London’s greatest tome: a legacy of sustainable farming

Author's ag practices at ‘ranch of good intentions' wer decades ahead of their time|

In 1905, while living with his wife Charmian at Wake Robin Lodge in Glen Ellen, Jack London decided to settle permanently in the Valley of the Moon. In June, he purchased his first piece of real estate, the Hill Ranch, for $7,000 – “130 acres of the most beautiful, primitive land to be found in California,” London said.

When he cleared 40 acres to raise hay, he discovered the land had been depleted by “old-fashioned methods of taking everything off and putting nothing back.”

The Kohler and Lamotte Ranches on Sonoma Mountain were worn out; useless because the former owners had tilled the land for 40 years without fertilizing or allowing it to lie fallow, and allowing it to erode with the winter rains. The fertile hills of California were being wasted. London believed they must develop scientific methods to turn the slopes into productive areas.

“The six bankrupt ranches represent at least 18 bankruptcies … at least 18 farmers of the old school have lost their money, broken their hearts, lost their land,” wrote London at the time. “The challenge to me is this: by using my head, my judgment, and all the latest knowledge in the matter of farming, can I make a success where these 18 men failed? I have pledged myself, my manhood, my fortune, my books, and all I possess to this undertaking.”

London taught himself about farming, reading agricultural and scientific tomes. He wrote to the agricultural departments of the University of California and the State of California for information and advice.

“I adopted the policy of taking nothing off the ranch,” he said. He implemented modern farming techniques, rotating crops and using natural fertilizer – such as “green manures” – and cover crops that were plowed into the soil to fix nitrogen. London developed a liquid manure system using recycle materials hosed from the dairy barn. He also used an ancient technique he had seen as a war correspondent in 1904 in Korea – terracing to prevent soil erosion. As a result, London claimed, “… instead of one-tenth of one meager crop a year you can grow three rich crops a year.”

He wanted to “leave the land better for my having been.” And so more than 100 years ago, he pioneered many of the principles, which are the foundation of organic farming today. Today’s organic and biodynamic farming techniques owe a great deal to London’s innovation, including controlled animal grazing, use of green manures, crop rotation, recycling animal and plant waste via composting and natural fertilizers. Jack London was one of the first true organic farmers in the United States.

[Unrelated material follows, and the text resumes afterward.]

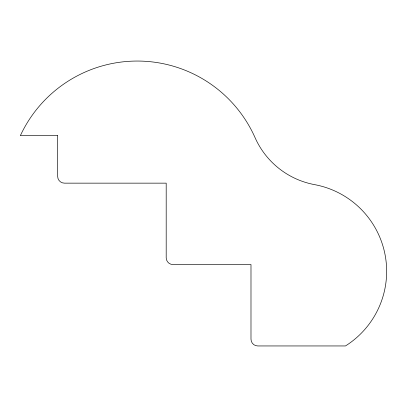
<?xml version="1.0" encoding="UTF-8"?>
<svg xmlns="http://www.w3.org/2000/svg" width="407" height="407" viewBox="0 0 407 407"><rect width="100%" height="100%" fill="white"/><g stroke="black" fill="none" stroke-linecap="round" stroke-linejoin="round"><path stroke-width="0.61" d="M57.657 135.663L20.35 135.663A128.887 128.887 0 0 1 255.052 137.632A81.4 81.4 0 0 0 314.58 184.63A88.187 88.187 0 0 1 345.467 345.95L257.768 345.95A6.782 6.782 0 0 1 250.987 339.168L250.987 264.55L172.975 264.55A6.782 6.782 0 0 1 166.193 257.763L166.193 183.15L64.443 183.15A6.782 6.782 0 0 1 57.657 176.363L57.657 135.663"/></g></svg>

“Do you realize that I devote two hours a day to writing and 10 to farming?” he wrote in his journal.

He asked the world’s leading horticulturist, Luther Burbank to assist. He experimented with innovative ideas such as growing spineless cactus.

He built the first concrete block silo in California and filled it with silage from his and neighboring ranches. This green silage consisted of shredded corn stalks that would be later fed to his dairy cows. The pigs got the corn. He hired Italian stonemasons to build a barn for his horses as well as a manure pit to develop composted fertilizer.

He produced record yields of oat hay on acreage that had been considered overfarmed. He planted hay, 65,000 eucalyptus trees and went after more acreage, gobbling up struggling ranches nearby.

In 1915, he built the Pig Palace, (so named by a San Francisco newspaper reporter astounded by the $3,000 it cost to build it). It was laid out in a circle to save labor, so one man could care for over 200 hogs. The feed house is a two-story circular tower. Feed was stored in bins in the upper story. London had a water heater in this building so that he could mix hot water it with the feed. There were doors on either side so that the laborer didn’t have to walk all the way around to attend to the 17 pens. All the troughs were filled with water by opening a single valve. London devised a system of flushing and sanitizing both in the Pig Palace and in the barns

Each family of hogs had its own area; a courtyard with feed and water troughs, roofed sleeping area, and a fenced outdoor run. The piggery was designed to efficiently care for prized breeding pigs. The birthing pens had iron pipes up from the floor and out from the wall about eight inches, so that when the sow lay down she wouldn’t crush the little ones against the wall.

His neighbors laughed, but the design won awards and drew nationwide attention. When his prized pigs developed cholera, London immediately went into action. Thinking that the disease had been brought to the ranch, he fenced off the animal area, so that the only entry was through a gate that required walking through a carbolic acid bath that disinfected the foot wear of anyone going near the animals.

After London’s death, his wife, Charmian, asked his fans to remember what London once called “The Ranch of Good Intentions.”

“Have any of you thought what is to become of the great thing he has started up here? ... I am begging you now, with all my heart, not to forget that he laid his hand upon the hills of California with the biggest writing of all his writing and imagination and wisdom …”

Mike Benziger is a leader in the American biodynamic wine movement and founded Benziger Family Winery. Charles Levine is a former president of Sprint PCS and is currently an independent director for technology focused companies.